Evaluation of Anti-mullerian Hormone(AMH) Levels as a Predictive Factor of Response to Weight Los… (NCT01792362) | Clinical Trial Compass
CompletedPhase 3
Evaluation of Anti-mullerian Hormone(AMH) Levels as a Predictive Factor of Response to Weight Loss Treatment in Obese Infertile Women With Poly Cystic Ovary(PCOS)
Iran60 participantsStarted 2012-10
Plain-language summary
This study is a prospective before \& after clinical trial to compare the basal and 3 months after diet anti-mullerian hormone levels between responders and non-responders to weight loss diet in obese infertile women with PCOS population
Who can participate
Age range
18 Years – 40 Years
Sex
FEMALE
See this in plain English?
AI-rewrites the medical criteria so a patient or caregiver can understand them. Always confirm with the trial site.
Inclusion Criteria:
\- 1- diagnosis of PCOS, according to the Rotterdam Consensus Workshop Group, by 2 of the following 3 criteria: menstrual irregularity (cycle length\<26 d or \>31 d or variation between consecutive cycles of \>3 d); clinical (hirsutism assessed by a Ferriman-Gallwey score \> 8) or biochemical \[free androgen index (FAI) \> 5.4 or testosterone\_1.4 nmol/L\] hyperandrogenism; or positive ultrasound presentation of polycystic ovaries by transvaginal scan.
2- Age between 18 -40
Exclusion Criteria:
\- 1. Body mass index (BMI; in kg/m2) \< 30, 2. Type 2 diabetes mellitus and related endocrinopathic disorders \[identified by assessment of thyroid-stimulating hormone (TSH), prolactin, and 17\_hydroxyprogesterone\].
3\. Regular exercise activities during the study. 4. Cases of alcoholism and smoking. 5. The use of endocrine hormonal treatment or insulin-sensitizing agents is not permitted during either phase of the study, and the use of oral contraceptives is not permitted during of the study.
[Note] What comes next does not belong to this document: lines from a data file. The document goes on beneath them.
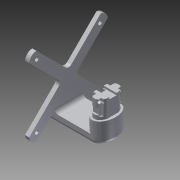
# Autodesk Inventor part: monitor-mount
Saved by Autodesk Inventor 2015 (Build 190159000, 159)
## iProperties
Created: 2015-03-06
Part Number: monitor-mount
Material: ABS Plastic
Document SubType Name: Modeling
Designer: Jody
Density: 1.06 g/cm^3
Appearance: Smooth - White
Mass: 59.874 g
Surface Area: 171.606 cm^2
Volume: 56.4849 cm^3
Author: Jody
Autodesk Inventor part; units mm, degrees
ref_plane "YZ Plane" through (0, 0, 0) normal (1, 0, 0) x (0, 1, 0)
ref_plane "XZ Plane" through (0, 0, 0) normal (0, 1, 0) x (-1, 0, 0)
ref_plane "XY Plane" through (0, 0, 0) normal (0, 0, 1) x (1, 0, 0)
sketch "Sketch1" plane through (0, 0, 0) normal (0, 1, 0) x (-1, 0, 0)
  ellipse E0 centre (0, 0) end of major axis (0, -16.9) minor radius 10.95
  dimension "d0" = 16.9
  dimension "d1" = 10.95
  constraints: 1 coincident, 2 other
extrude "Extrusion1" add sketch "Sketch1" along normal blind 25
sketch "Sketch2" plane through (0, 25, 0) normal (0, 1, 0) x (1, 0, 0)
  line L0 (7.6, 6.869) -> (7.6, -6.8693)
  line L1 (-7.6, -6.8693) -> (-7.6, 6.869)
  line L2 (1.547, -14.35) -> (-1.547, -14.35)
  line L3 (-1.547, 14.35) -> (1.547, 14.35)
  spline S0 degree 5 poles (7.6, 6.869) (7.3339, 7.69) (6.6747, 9.389) (5.6155, 11.3113) (4.2798, 12.863) (2.8086, 13.8602) (1.8557, 14.2496) (1.547, 14.35) knots 0 0 0 0 0 0 0.371815 0.797909 1 1 1 1 1 1
  line L4 (7.9552, 5.7734) -> (7.2448, 7.9647) construction
  arc A0 (7.863, 5.9868) -> (7.2954, 7.7378) centre (-10.8296, 0.8944) ccw construction
  spline S1 degree 5 poles (-1.547, 14.35) (-1.8557, 14.2496) (-2.8086, 13.8602) (-4.2798, 12.863) (-5.6155, 11.3113) (-6.6747, 9.389) (-7.3339, 7.69) (-7.6, 6.869) knots 0 0 0 0 0 0 0.202091 0.628185 1 1 1 1 1 1
  line L5 (-7.2448, 7.9647) -> (-7.9552, 5.7734) construction
  arc A1 (-7.2954, 7.7378) -> (-7.863, 5.9868) centre (10.8296, 0.8944) ccw construction
  spline S2 degree 5 poles (-7.6, -6.8693) (-7.3341, -7.6901) (-6.733, -9.2397) (-5.6943, -11.1801) (-4.3754, -12.7614) (-2.913, -13.7987) (-1.9626, -14.2149) (-1.547, -14.35) knots 0 0 0 0 0 0 0.37178 0.727887 1 1 1 1 1 1
  spline S3 degree 5 poles (1.547, -14.35) (1.9626, -14.2149) (2.913, -13.7987) (4.3754, -12.7614) (5.6943, -11.1801) (6.733, -9.2397) (7.3341, -7.6901) (7.6, -6.8693) knots 0 0 0 0 0 0 0.272113 0.62822 1 1 1 1 1 1
  line L6 (-2.5566, -14.0218) -> (-0.5374, -14.6782) construction
  arc A2 (-2.3246, -14.0283) -> (-0.7288, -14.5471) centre (0.1247, -9.2081) ccw construction
  line L7 (0.5374, -14.6782) -> (2.5566, -14.0218) construction
  arc A3 (0.7288, -14.5471) -> (2.3246, -14.0283) centre (-0.1247, -9.2081) ccw construction
  point P0 (5.4887, -11.1759)
  point P1 (2.672, 13.8453)
  point P2 (-5.4887, 11.1759)
  point P3 (-2.672, -13.8453)
  constraints: 24 end point, 8 midpoint, 4 centre point, 4 point on circle, 2 parallel, 1 horizontal, 1 perpendicular, 24 other
extrude "Extrusion3" add sketch "Sketch2" along normal blind 21
sketch "Sketch6" plane through (0, 46, 0) normal (0, 1, 0) x (1, 0, 0)
  line L0 (3.7, -9.8) -> (10.95, -9.8)
  line L1 (-10.95, -8.35) -> (-3.7, -8.35)
  line L2 (-3.7, -8.35) -> (-3.7, -16.9)
  line L3 (3.7, -9.8) -> (3.7, -16.9)
  line L4 (-3.7, -16.9) -> (-10.95, -8.35)
  line L5 (3.7, -16.9) -> (10.95, -9.8)
  line L6 (3.7, 9.8) -> (10.95, 9.8)
  line L7 (-10.95, 8.35) -> (-3.7, 8.35)
  line L8 (-3.7, 8.35) -> (-3.7, 16.9)
  line L9 (3.7, 9.8) -> (3.7, 16.9)
  line L10 (-3.7, 16.9) -> (-10.95, 8.35)
  line L11 (3.7, 16.9) -> (10.95, 9.8)
  point P0 (0, 0)
  constraints: 24 end point
extrude "Extrusion4" cut sketch "Sketch6" against normal blind 17.7
sketch "Sketch7" plane through (0, 46, 0) normal (0, 1, 0) x (1, 0, 0)
  ellipse E0 centre (0, 0) end of major axis (0, -16.9) minor radius 10.95 projected
  line L0 (10.581, -4.35) -> (-10.581, -4.35)
  line L1 (-10.581, -4.35) -> (-10.581, 4.35)
  line L2 (-10.581, 4.35) -> (10.581, 4.35)
  line L3 (10.581, 4.35) -> (10.581, -4.35)
  line L4 (10.581, -4.35) -> (-10.581, 4.35) construction
  line L5 (-10.581, -4.35) -> (10.581, 4.35) construction
  dimension "d23" = 8.7
  constraints: 12 end point, 2 midpoint, 2 parallel, 1 horizontal, 1 perpendicular, 2 other
  measures "d23" distance of L0.end L1.end
extrude "Extrusion5" cut sketch "Sketch7" against normal blind 2.4 contours L0 L1 L2 L3
sketch "Sketch8" plane through (7.6, 25, 6.8693) normal (1, 0, 0) x (0, 0, -1)
  line L0 (-7.4807, 4.8) -> (-7.4807, 12.1)
  line L1 (-5.4807, 4.8) -> (-5.4807, 12.1)
  line L2 (-7.4807, 4.8) -> (-5.4807, 4.8)
  line L3 (-5.4807, 12.1) -> (-7.4807, 12.1)
  line L4 (21.2193, 4.8) -> (21.2193, 12.1)
  line L5 (19.2193, 4.8) -> (19.2193, 12.1)
  line L6 (21.2193, 4.8) -> (19.2193, 4.8)
  line L7 (19.2193, 12.1) -> (21.2193, 12.1)
  point P0 (6.8693, -25)
  point P1 (0, 0)
  constraints: 16 end point, 2 horizontal
extrude "Extrusion6" cut sketch "Sketch8" against normal up to next
sketch "Sketch9" plane through (-7.6, 25, -6.869) normal (-1, 0, 0) x (0, 0, 1)
  line L0 (3.4692, 5) -> (10.2692, 5)
  line L1 (3.4692, 5) -> (3.4692, 18.6)
  line L2 (10.2692, 5) -> (10.2692, 18.6)
  line L3 (3.4692, 18.6) -> (10.2692, 18.6)
  point P0 (6.869, -25)
  constraints: 8 end point, 1 perpendicular
extrude "Extrusion7" cut sketch "Sketch9" against normal blind 3.5
sketch "Sketch10" plane through (-7.6, 30, -3.3999) normal (0, 0, 1) x (1, 0, 0)
  line L0 (0, 0) -> (3.5, 7.1937)
  line L1 (3.5, 0) -> (3.5, 13.6) projected
  line L2 (3.5, 7.1937) -> (3.5, 8.6937)
  line L3 (3.5, 8.6937) -> (0.864, 10.4946)
  line L4 (0, 0) -> (3.5, 0)
  line L5 (0, 0) -> (3.5, 0) projected
  line L6 (0.864, 10.4946) -> (3.5, 13.6)
  point P0 (7.6, -30)
  dimension "d36" = 8
  dimension "d37" = 1.5
  constraints: 10 end point, 2 point on line, 1 collinear
  measures "d36" distance of L0.start L0.end
  measures "d37" distance of L0.end L2.end
extrude "Extrusion8" add sketch "Sketch10" along normal up to next
fillet "Fillet1" radius 0.5 1 edges at (-6.736, 40.4946, 0.0001)
sketch "Sketch11" plane through (3.7, 46, 13.1272) normal (1, 0, 0) x (0, 0, -1)
  circle A0 centre (1.6989, -3.0978) radius 2.25
  line L0 (17.4772, -2.4) -> (8.7772, -2.4) projected
  line L1 (16.5271, -2.4) -> (9.7271, -2.4) projected
  circle A1 centre (24.5552, -3.0978) radius 2.25
  point P0 (13.1272, -46)
  dimension "d43" = 4.5
  constraints: 2 centre point
  measures "d43" diameter of A0
extrude "Extrusion9" cut sketch "Sketch11" along normal blind 10 and the other way blind 5
sketch "Sketch12" plane through (0, 0, 0) normal (0, -1, 0) x (1, 0, 0)
  ellipse E0 centre (0, 0) end of major axis (0, 16.9) minor radius 10.95 projected
  line L0 (0, 16.9) -> (0, -16.9)
  line L1 (0, -16.9) -> (-50, -16.9)
  line L2 (-50, -16.9) -> (-50, 16.9)
  line L3 (-50, 16.9) -> (0, 16.9)
  dimension "d50" = 50
  constraints: 8 end point, 2 parallel, 1 perpendicular, 1 vertical, 3 other
  measures "d50" distance of L0.end L1.end
extrude "Extrusion10" add sketch "Sketch12" against normal blind 10 contours E0 L1 L2 L3
sketch "Sketch13" plane through (-50, 0, -16.9) normal (-1, 0, 0) x (0, 0, 1)
  circle A0 centre (54.4, 75.1899) radius 2.25
  line L0 (25.3853, 37.6899) -> (63.569, 75.8737)
  line L1 (16.9, 46.1752) -> (55.0838, 84.359)
  arc A1 (63.569, 75.8737) -> (55.0838, 84.359) centre (54.4, 75.1899) ccw
  circle A2 centre (-20.6, 75.1899) radius 2.25
  line L2 (16.9, 46.1752) -> (-21.2838, 84.359)
  line L3 (8.4147, 37.6899) -> (-29.769, 75.8737)
  arc A3 (-21.2838, 84.359) -> (-29.769, 75.8737) centre (-20.6, 75.1899) ccw
  circle A4 centre (54.4, 75.1899) radius 2.25
  line L4 (8.4147, 37.6899) -> (-29.769, -0.4938)
  line L5 (16.9, 29.2046) -> (-21.2838, -8.9791)
  arc A5 (-29.769, -0.4938) -> (-21.2838, -8.9791) centre (-20.6, 0.1899) ccw
  circle A6 centre (54.4, 0.1899) radius 2.25
  line L6 (16.9, 29.2046) -> (55.0838, -8.9791)
  line L7 (25.3853, 37.6899) -> (63.569, -0.4938)
  arc A7 (55.0838, -8.9791) -> (63.569, -0.4938) centre (54.4, 0.1899) ccw
  circle A8 centre (-20.6, 0.1899) radius 2.25
  point P0 (16.9, 37.6899)
  point P1 (16.9, 37.6899)
  point P2 (16.9, 37.6899)
  point P3 (16.9, 37.6899)
  dimension "d58" = 4.5
  dimension "d63" = 4.5
  dimension "d64" = 4.5
  dimension "d65" = 4.5
  dimension "d66" = 4.5
  dimension "d67" = 75
  dimension "d68" = 75
  constraints: 16 end point, 9 centre point, 8 point on circle, 3 coincident
  measures "d58" diameter of A0
  measures "d63" diameter of A2
  measures "d64" diameter of A4
  measures "d65" diameter of A6
  measures "d66" diameter of A8
  measures "d67" distance of A0.centre A2.centre
  measures "d68" distance of A6.centre A1.centre
extrude "Extrusion11" add sketch "Sketch13" against normal blind 5
fillet "Fillet2" radius 5 4 edges at (-47.5, 46.1752, 0) (-47.5, 29.2046, 0) (-47.5, 37.6899, -8.4853) (-47.5, 37.6899, 8.4853)
sketch "Sketch14" plane through (0, 10, 0) normal (0, 1, 0) x (1, 0, 0)
  line L0 (-45, -16.9) -> (-50, -16.9)
  line L1 (-45, 16.9) -> (-45, -16.9)
  line L2 (-45, 16.9) -> (-50, 16.9)
  line L3 (-50, 16.9) -> (-50, -16.9)
  point P0 (0, 0)
  point P1 (-50, 14.2046)
  constraints: 8 end point, 2 horizontal, 2 point on line, 1 perpendicular
extrude "Extrusion12" add sketch "Sketch14" along normal up to next
fillet "Fillet4" radius 5 3 edges at (10.95, 0, 0) (-25, 0, 16.9) (-25, 0, -16.9)
fillet "Fillet5" radius 5 1 edges at (-45, 10, 0)
sketch "Sketch15" plane through (0, 10, 0) normal (0, 1, 0) x (1, 0, 0)
  point P0 (0, 0)
body "Solid1"

Subjects are required to cease taking oral contraceptives 4 wk and hormonal treatment or insulin-sensitizing agents 2 wk before commencement of the short-term study phase.
Questions worth asking your doctor
Bring these to your next appointment. They're a starting point for a shared conversation — not a sign you qualify or a recommendation to enrol.
1Based on my diagnosis and history, is this trial worth exploring for me — or is there a standard treatment we should try first?
2What does this trial's phase tell us about how much is already known about its safety and benefit?
3What would taking part actually involve for me — visits, tests, time, and travel?
4What are the known and possible risks or side effects I should weigh, and how would they be monitored?
5If this trial isn't the right fit, what other options or trials would you suggest I look into?
Generated to help you prepare — always confirm anything about your own eligibility and care with the study team and your doctor.
Questions for the trial coordinator
The trial coordinator is the person who runs the study day to day. These cover the practical side — logistics, costs, and what taking part would actually mean for your life. The study team confirms whether you meet the criteria; these are questions to ask, not a sign you qualify.
1What does taking part actually involve week to week — how many visits, where, and how long does each one take?
2What costs are covered by the study, and what might I have to pay for myself, including travel, parking, or time off work?
3What happens during screening, and what happens if the study team confirms I don't meet the criteria after those tests?
4Who pays for the scans, blood work, and other tests the trial requires — the study, my insurance, or me?
5How will being in the trial affect my regular care, and will my own doctor stay informed and involved?
6Can I leave the trial at any point if I change my mind, and what would happen to my care if I do?
A starting point for the conversation — always confirm anything about your own eligibility, costs, and care with the study team and your doctor.